AIM OF THE EXERCISE: Please write out exactly the lines of the data below from the line holding "#154=CARTESIAN_POINT('',(65.0875,9.525,0.));" through the line holding "#162=FACE_BOUND('',#161,.T.);", and leave out the rest.

[[ MATERIAL FOR THE TASK, beginning ]]

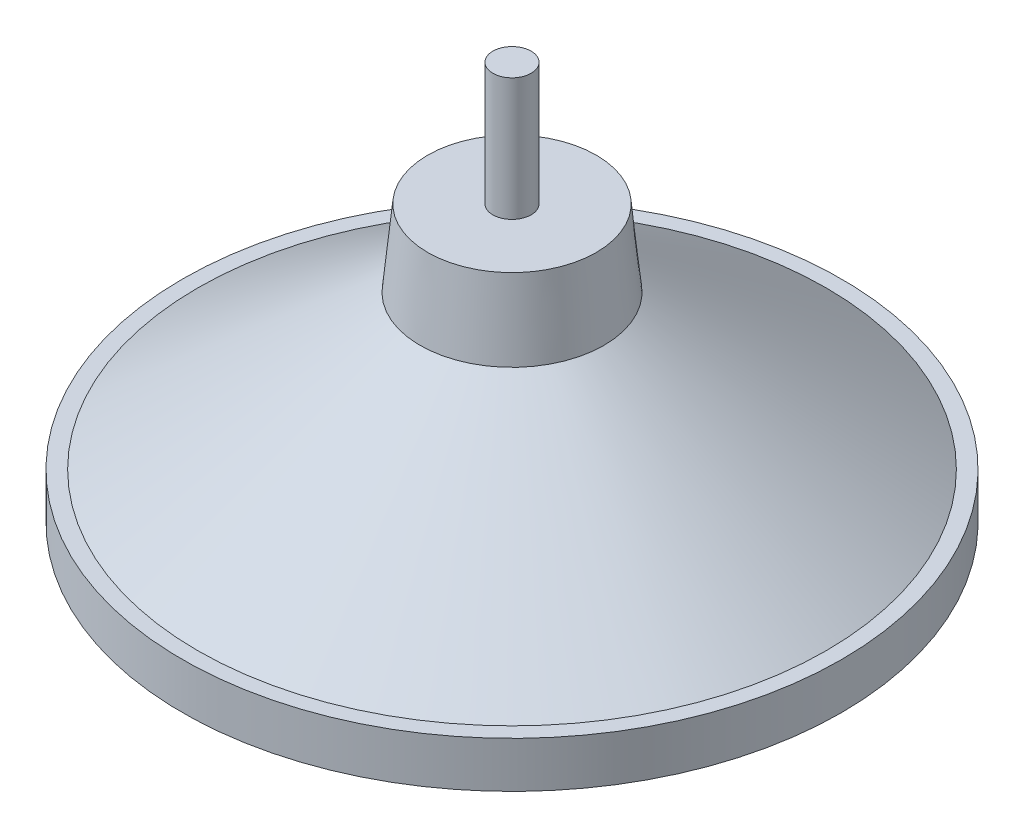
ISO-10303-21;
HEADER;
FILE_DESCRIPTION(('STEP AP214'),'2;1');
FILE_NAME('part.step','',(''),(''),'','','');
FILE_SCHEMA(('AUTOMOTIVE_DESIGN { 1 0 10303 214 1 1 1 1 }'));
ENDSEC;
DATA;
#1=APPLICATION_CONTEXT('core data for automotive mechanical design processes');
#2=APPLICATION_PROTOCOL_DEFINITION('international standard','automotive_design',2000,#1);
#3=PRODUCT_CONTEXT('',#1,'mechanical');
#4=PRODUCT('Part','Part','',(#3));
#5=PRODUCT_RELATED_PRODUCT_CATEGORY('part','',(#4));
#6=PRODUCT_DEFINITION_FORMATION('','',#4);
#7=PRODUCT_DEFINITION_CONTEXT('part definition',#1,'design');
#8=PRODUCT_DEFINITION('design','',#6,#7);
#9=PRODUCT_DEFINITION_SHAPE('','',#8);
#10=(LENGTH_UNIT() NAMED_UNIT(*) SI_UNIT(.MILLI.,.METRE.));
#11=(NAMED_UNIT(*) PLANE_ANGLE_UNIT() SI_UNIT($,.RADIAN.));
#12=(NAMED_UNIT(*) SI_UNIT($,.STERADIAN.) SOLID_ANGLE_UNIT());
#13=UNCERTAINTY_MEASURE_WITH_UNIT(LENGTH_MEASURE(1.E-05),#10,'distance_accuracy_value','');
#14=(GEOMETRIC_REPRESENTATION_CONTEXT(3) GLOBAL_UNCERTAINTY_ASSIGNED_CONTEXT((#13)) GLOBAL_UNIT_ASSIGNED_CONTEXT((#10,
#11,#12)) REPRESENTATION_CONTEXT('',''));
#15=CARTESIAN_POINT('',(0.,0.,0.));
#16=DIRECTION('',(0.,0.,1.));
#17=DIRECTION('',(1.,0.,0.));
#18=AXIS2_PLACEMENT_3D('',#15,#16,#17);
#19=CARTESIAN_POINT('',(0.,0.,0.));
#20=DIRECTION('',(0.,1.,0.));
#21=DIRECTION('',(-1.,0.,0.));
#22=AXIS2_PLACEMENT_3D('',#19,#20,#21);
#23=PLANE('',#22);
#24=CARTESIAN_POINT('',(0.,0.,0.));
#25=DIRECTION('',(0.,1.,0.));
#26=DIRECTION('',(-1.,0.,0.));
#27=AXIS2_PLACEMENT_3D('',#24,#25,#26);
#28=CIRCLE('',#27,68.2625);
#29=CARTESIAN_POINT('',(-68.2625,0.,0.));
#30=VERTEX_POINT('',#29);
#31=EDGE_CURVE('E10',#30,#30,#28,.T.);
#32=ORIENTED_EDGE('',*,*,#31,.F.);
#33=EDGE_LOOP('',(#32));
#34=FACE_BOUND('',#33,.T.);
#35=ADVANCED_FACE('F32',(#34),#23,.F.);
#36=CARTESIAN_POINT('',(0.,57.15,0.));
#37=DIRECTION('',(0.,1.,0.));
#38=DIRECTION('',(-1.,0.,0.));
#39=AXIS2_PLACEMENT_3D('',#36,#37,#38);
#40=CYLINDRICAL_SURFACE('',#39,68.2625);
#41=CARTESIAN_POINT('',(0.,9.525,0.));
#42=DIRECTION('',(0.,1.,0.));
#43=DIRECTION('',(-1.,0.,0.));
#44=AXIS2_PLACEMENT_3D('',#41,#42,#43);
#45=CIRCLE('',#44,68.2625);
#46=CARTESIAN_POINT('',(-68.2625,9.525,0.));
#47=VERTEX_POINT('',#46);
#48=EDGE_CURVE('E38',#47,#47,#45,.T.);
#49=ORIENTED_EDGE('',*,*,#48,.F.);
#50=EDGE_LOOP('',(#49));
#51=FACE_BOUND('',#50,.T.);
#52=ORIENTED_EDGE('',*,*,#31,.T.);
#53=EDGE_LOOP('',(#52));
#54=FACE_BOUND('',#53,.T.);
#55=ADVANCED_FACE('F89',(#51,#54),#40,.T.);
#56=CARTESIAN_POINT('',(68.2625,9.525,0.));
#57=DIRECTION('',(0.,-1.,0.));
#58=DIRECTION('',(1.,0.,0.));
#59=AXIS2_PLACEMENT_3D('',#56,#57,#58);
#60=PLANE('',#59);
#61=CARTESIAN_POINT('',(0.,9.525,0.));
#62=DIRECTION('',(0.,1.,0.));
#63=DIRECTION('',(-1.,0.,0.));
#64=AXIS2_PLACEMENT_3D('',#61,#62,#63);
#65=CIRCLE('',#64,65.0875);
#66=CARTESIAN_POINT('',(65.0875,9.525,0.));
#67=VERTEX_POINT('',#66);
#68=EDGE_CURVE('E42',#67,#67,#65,.T.);
#69=ORIENTED_EDGE('',*,*,#68,.F.);
#70=EDGE_LOOP('',(#69));
#71=FACE_BOUND('',#70,.T.);
#72=ORIENTED_EDGE('',*,*,#48,.T.);
#73=EDGE_LOOP('',(#72));
#74=FACE_BOUND('',#73,.T.);
#75=ADVANCED_FACE('F84',(#71,#74),#60,.F.);
#76=CARTESIAN_POINT('',(0.,9.525,0.));
#77=DIRECTION('',(0.,-1.,0.));
#78=DIRECTION('',(1.,0.,0.));
#79=AXIS2_PLACEMENT_3D('',#76,#77,#78);
#80=CONICAL_SURFACE('',#79,65.0875,0.96704699339746);
#81=CARTESIAN_POINT('',(0.,41.275,0.));
#82=DIRECTION('',(0.,1.,0.));
#83=DIRECTION('',(-1.,0.,0.));
#84=AXIS2_PLACEMENT_3D('',#81,#82,#83);
#85=CIRCLE('',#84,19.05);
#86=CARTESIAN_POINT('',(19.05,41.275,0.));
#87=VERTEX_POINT('',#86);
#88=EDGE_CURVE('E46',#87,#87,#85,.T.);
#89=CARTESIAN_POINT('',(19.05,41.275,0.));
#90=CARTESIAN_POINT('',(19.5295572916667,40.9442708333333,0.));
#91=CARTESIAN_POINT('',(20.0091145833333,40.6135416666667,0.));
#92=CARTESIAN_POINT('',(20.9682291666667,39.9520833333333,0.));
#93=CARTESIAN_POINT('',(21.4477864583333,39.6213541666666,0.));
#94=CARTESIAN_POINT('',(22.4069010416667,38.9598958333333,0.));
#95=CARTESIAN_POINT('',(22.8864583333333,38.6291666666667,0.));
#96=CARTESIAN_POINT('',(23.8455729166667,37.9677083333333,0.));
#97=CARTESIAN_POINT('',(24.3251302083333,37.6369791666667,0.));
#98=CARTESIAN_POINT('',(25.2842447916667,36.9755208333333,0.));
#99=CARTESIAN_POINT('',(25.7638020833333,36.6447916666667,0.));
#100=CARTESIAN_POINT('',(26.7229166666667,35.9833333333333,0.));
#101=CARTESIAN_POINT('',(27.2024739583333,35.6526041666667,0.));
#102=CARTESIAN_POINT('',(28.1615885416667,34.9911458333333,0.));
#103=CARTESIAN_POINT('',(28.6411458333333,34.6604166666667,0.));
#104=CARTESIAN_POINT('',(29.6002604166667,33.9989583333333,0.));
#105=CARTESIAN_POINT('',(30.0798177083333,33.6682291666667,0.));
#106=CARTESIAN_POINT('',(31.0389322916667,33.0067708333333,0.));
#107=CARTESIAN_POINT('',(31.5184895833333,32.6760416666667,0.));
#108=CARTESIAN_POINT('',(32.4776041666667,32.0145833333333,0.));
#109=CARTESIAN_POINT('',(32.9571614583333,31.6838541666667,0.));
#110=CARTESIAN_POINT('',(33.9162760416667,31.0223958333333,0.));
#111=CARTESIAN_POINT('',(34.3958333333333,30.6916666666667,0.));
#112=CARTESIAN_POINT('',(35.3549479166667,30.0302083333333,0.));
#113=CARTESIAN_POINT('',(35.8345052083333,29.6994791666667,0.));
#114=CARTESIAN_POINT('',(36.7936197916667,29.0380208333333,0.));
#115=CARTESIAN_POINT('',(37.2731770833333,28.7072916666667,0.));
#116=CARTESIAN_POINT('',(38.2322916666667,28.0458333333333,0.));
#117=CARTESIAN_POINT('',(38.7118489583333,27.7151041666667,0.));
#118=CARTESIAN_POINT('',(39.6709635416667,27.0536458333333,0.));
#119=CARTESIAN_POINT('',(40.1505208333333,26.7229166666667,0.));
#120=CARTESIAN_POINT('',(41.1096354166667,26.0614583333333,0.));
#121=CARTESIAN_POINT('',(41.5891927083333,25.7307291666667,0.));
#122=CARTESIAN_POINT('',(42.5483072916667,25.0692708333333,0.));
#123=CARTESIAN_POINT('',(43.0278645833333,24.7385416666667,0.));
#124=CARTESIAN_POINT('',(43.9869791666667,24.0770833333333,0.));
#125=CARTESIAN_POINT('',(44.4665364583333,23.7463541666667,0.));
#126=CARTESIAN_POINT('',(45.4256510416667,23.0848958333333,0.));
#127=CARTESIAN_POINT('',(45.9052083333333,22.7541666666667,0.));
#128=CARTESIAN_POINT('',(46.8643229166667,22.0927083333333,0.));
#129=CARTESIAN_POINT('',(47.3438802083333,21.7619791666667,0.));
#130=CARTESIAN_POINT('',(48.3029947916667,21.1005208333333,0.));
#131=CARTESIAN_POINT('',(48.7825520833333,20.7697916666667,0.));
#132=CARTESIAN_POINT('',(49.7416666666667,20.1083333333333,0.));
#133=CARTESIAN_POINT('',(50.2212239583333,19.7776041666667,0.));
#134=CARTESIAN_POINT('',(51.1803385416667,19.1161458333333,0.));
#135=CARTESIAN_POINT('',(51.6598958333333,18.7854166666667,0.));
#136=CARTESIAN_POINT('',(52.6190104166667,18.1239583333333,0.));
#137=CARTESIAN_POINT('',(53.0985677083333,17.7932291666667,0.));
#138=CARTESIAN_POINT('',(54.0576822916667,17.1317708333333,0.));
#139=CARTESIAN_POINT('',(54.5372395833333,16.8010416666667,0.));
#140=CARTESIAN_POINT('',(55.4963541666667,16.1395833333333,0.));
#141=CARTESIAN_POINT('',(55.9759114583333,15.8088541666667,0.));
#142=CARTESIAN_POINT('',(56.9350260416667,15.1473958333333,0.));
#143=CARTESIAN_POINT('',(57.4145833333333,14.8166666666667,0.));
#144=CARTESIAN_POINT('',(58.3736979166667,14.1552083333333,0.));
#145=CARTESIAN_POINT('',(58.8532552083333,13.8244791666667,0.));
#146=CARTESIAN_POINT('',(59.8123697916667,13.1630208333333,0.));
#147=CARTESIAN_POINT('',(60.2919270833333,12.8322916666667,0.));
#148=CARTESIAN_POINT('',(61.2510416666667,12.1708333333333,0.));
#149=CARTESIAN_POINT('',(61.7305989583333,11.8401041666667,0.));
#150=CARTESIAN_POINT('',(62.6897135416667,11.1786458333333,0.));
#151=CARTESIAN_POINT('',(63.1692708333333,10.8479166666667,0.));
#152=CARTESIAN_POINT('',(64.1283854166667,10.1864583333333,0.));
#153=CARTESIAN_POINT('',(64.6079427083333,9.85572916666667,0.));
#154=CARTESIAN_POINT('',(65.0875,9.525,0.));
#155=B_SPLINE_CURVE_WITH_KNOTS('',3,(#89,#90,#91,#92,#93,#94,#95,#96,#97,#98,#99,#100,#101,#102,
#103,#104,#105,#106,#107,#108,#109,#110,#111,#112,#113,#114,#115,#116,#117,#118,#119,#120,#121,
#122,#123,#124,#125,#126,#127,#128,#129,#130,#131,#132,#133,#134,#135,#136,#137,#138,#139,#140,
#141,#142,#143,#144,#145,#146,#147,#148,#149,#150,#151,#152,#153,#154),.UNSPECIFIED.,.F.,.F.,(4,
2,2,2,2,2,2,2,2,2,2,2,2,2,2,2,2,2,2,2,2,2,2,2,2,2,2,2,2,2,2,2,4),(0.,1.74763062432319,
3.49526124864639,5.24289187296957,6.99052249729276,8.73815312161595,10.4857837459391,
12.2334143702623,13.9810449945855,15.7286756189087,17.4763062432319,19.2239368675551,
20.9715674918783,22.7191981162015,24.4668287405247,26.2144593648479,27.962089989171,
29.7097206134942,31.4573512378174,33.2049818621406,34.9526124864638,36.700243110787,
38.4478737351102,40.1955043594334,41.9431349837566,43.6907656080798,45.438396232403,
47.1860268567262,48.9336574810493,50.6812881053725,52.4289187296957,54.1765493540189,
55.9241799783421),.UNSPECIFIED.);
#156=EDGE_CURVE('BSEAM78',#87,#67,#155,.T.);
#157=ORIENTED_EDGE('',*,*,#88,.F.);
#158=ORIENTED_EDGE('',*,*,#68,.T.);
#159=ORIENTED_EDGE('',*,*,#156,.T.);
#160=ORIENTED_EDGE('',*,*,#156,.F.);
#161=EDGE_LOOP('',(#157,#159,#158,#160));
#162=FACE_BOUND('',#161,.T.);
#163=ADVANCED_FACE('F78',(#162),#80,.T.);
#164=CARTESIAN_POINT('',(0.,41.275,0.));
#165=DIRECTION('',(0.,-1.,0.));
#166=DIRECTION('',(1.,0.,0.));
#167=AXIS2_PLACEMENT_3D('',#164,#165,#166);
#168=CONICAL_SURFACE('',#167,19.05,0.0996686524911621);
#169=CARTESIAN_POINT('',(0.,57.15,0.));
#170=DIRECTION('',(0.,1.,0.));
#171=DIRECTION('',(-1.,0.,0.));
#172=AXIS2_PLACEMENT_3D('',#169,#170,#171);
#173=CIRCLE('',#172,17.4625);
#174=CARTESIAN_POINT('',(-17.4625,57.15,0.));
#175=VERTEX_POINT('',#174);
#176=EDGE_CURVE('E51',#175,#175,#173,.T.);
#177=ORIENTED_EDGE('',*,*,#176,.F.);
#178=EDGE_LOOP('',(#177));
#179=FACE_BOUND('',#178,.T.);
#180=ORIENTED_EDGE('',*,*,#88,.T.);
#181=EDGE_LOOP('',(#180));
#182=FACE_BOUND('',#181,.T.);
#183=ADVANCED_FACE('F72',(#179,#182),#168,.T.);
#184=CARTESIAN_POINT('',(17.4625,57.15,0.));
#185=DIRECTION('',(0.,-1.,0.));
#186=DIRECTION('',(1.,0.,0.));
#187=AXIS2_PLACEMENT_3D('',#184,#185,#186);
#188=PLANE('',#187);
#189=CARTESIAN_POINT('',(0.,57.15,0.));
#190=DIRECTION('',(0.,1.,0.));
#191=DIRECTION('',(-1.,0.,0.));
#192=AXIS2_PLACEMENT_3D('',#189,#190,#191);
#193=CIRCLE('',#192,3.96875);
#194=CARTESIAN_POINT('',(-3.96875,57.15,0.));
#195=VERTEX_POINT('',#194);
#196=EDGE_CURVE('E54',#195,#195,#193,.T.);
#197=ORIENTED_EDGE('',*,*,#196,.F.);
#198=EDGE_LOOP('',(#197));
#199=FACE_BOUND('',#198,.T.);
#200=ORIENTED_EDGE('',*,*,#176,.T.);
#201=EDGE_LOOP('',(#200));
#202=FACE_BOUND('',#201,.T.);
#203=ADVANCED_FACE('F66',(#199,#202),#188,.F.);
#204=CARTESIAN_POINT('',(0.,57.15,0.));
#205=DIRECTION('',(0.,1.,0.));
#206=DIRECTION('',(-1.,0.,0.));
#207=AXIS2_PLACEMENT_3D('',#204,#205,#206);
#208=CYLINDRICAL_SURFACE('',#207,3.96875);
#209=CARTESIAN_POINT('',(0.,82.55,0.));
#210=DIRECTION('',(0.,1.,0.));
#211=DIRECTION('',(-1.,0.,0.));
#212=AXIS2_PLACEMENT_3D('',#209,#210,#211);
#213=CIRCLE('',#212,3.96875);
#214=CARTESIAN_POINT('',(-3.96875,82.55,0.));
#215=VERTEX_POINT('',#214);
#216=EDGE_CURVE('E57',#215,#215,#213,.T.);
#217=ORIENTED_EDGE('',*,*,#216,.F.);
#218=EDGE_LOOP('',(#217));
#219=FACE_BOUND('',#218,.T.);
#220=ORIENTED_EDGE('',*,*,#196,.T.);
#221=EDGE_LOOP('',(#220));
#222=FACE_BOUND('',#221,.T.);
#223=ADVANCED_FACE('F63',(#219,#222),#208,.T.);
#224=CARTESIAN_POINT('',(3.96875,82.55,0.));
#225=DIRECTION('',(0.,-1.,0.));
#226=DIRECTION('',(1.,0.,0.));
#227=AXIS2_PLACEMENT_3D('',#224,#225,#226);
#228=PLANE('',#227);
#229=ORIENTED_EDGE('',*,*,#216,.T.);
#230=EDGE_LOOP('',(#229));
#231=FACE_BOUND('',#230,.T.);
#232=ADVANCED_FACE('F61',(#231),#228,.F.);
#233=CLOSED_SHELL('',(#35,#55,#75,#163,#183,#203,#223,#232));
#234=MANIFOLD_SOLID_BREP('B2',#233);
#235=ADVANCED_BREP_SHAPE_REPRESENTATION('',(#18,#234),#14);
#236=SHAPE_DEFINITION_REPRESENTATION(#9,#235);
ENDSEC;
END-ISO-10303-21;

[[ MATERIAL FOR THE TASK, end ]]

RESPONSE TO THE EXERCISE:
#154=CARTESIAN_POINT('',(65.0875,9.525,0.));
#155=B_SPLINE_CURVE_WITH_KNOTS('',3,(#89,#90,#91,#92,#93,#94,#95,#96,#97,#98,#99,#100,#101,#102,
#103,#104,#105,#106,#107,#108,#109,#110,#111,#112,#113,#114,#115,#116,#117,#118,#119,#120,#121,
#122,#123,#124,#125,#126,#127,#128,#129,#130,#131,#132,#133,#134,#135,#136,#137,#138,#139,#140,
#141,#142,#143,#144,#145,#146,#147,#148,#149,#150,#151,#152,#153,#154),.UNSPECIFIED.,.F.,.F.,(4,
2,2,2,2,2,2,2,2,2,2,2,2,2,2,2,2,2,2,2,2,2,2,2,2,2,2,2,2,2,2,2,4),(0.,1.74763062432319,
3.49526124864639,5.24289187296957,6.99052249729276,8.73815312161595,10.4857837459391,
12.2334143702623,13.9810449945855,15.7286756189087,17.4763062432319,19.2239368675551,
20.9715674918783,22.7191981162015,24.4668287405247,26.2144593648479,27.962089989171,
29.7097206134942,31.4573512378174,33.2049818621406,34.9526124864638,36.700243110787,
38.4478737351102,40.1955043594334,41.9431349837566,43.6907656080798,45.438396232403,
47.1860268567262,48.9336574810493,50.6812881053725,52.4289187296957,54.1765493540189,
55.9241799783421),.UNSPECIFIED.);
#156=EDGE_CURVE('BSEAM78',#87,#67,#155,.T.);
#157=ORIENTED_EDGE('',*,*,#88,.F.);
#158=ORIENTED_EDGE('',*,*,#68,.T.);
#159=ORIENTED_EDGE('',*,*,#156,.T.);
#160=ORIENTED_EDGE('',*,*,#156,.F.);
#161=EDGE_LOOP('',(#157,#159,#158,#160));
#162=FACE_BOUND('',#161,.T.);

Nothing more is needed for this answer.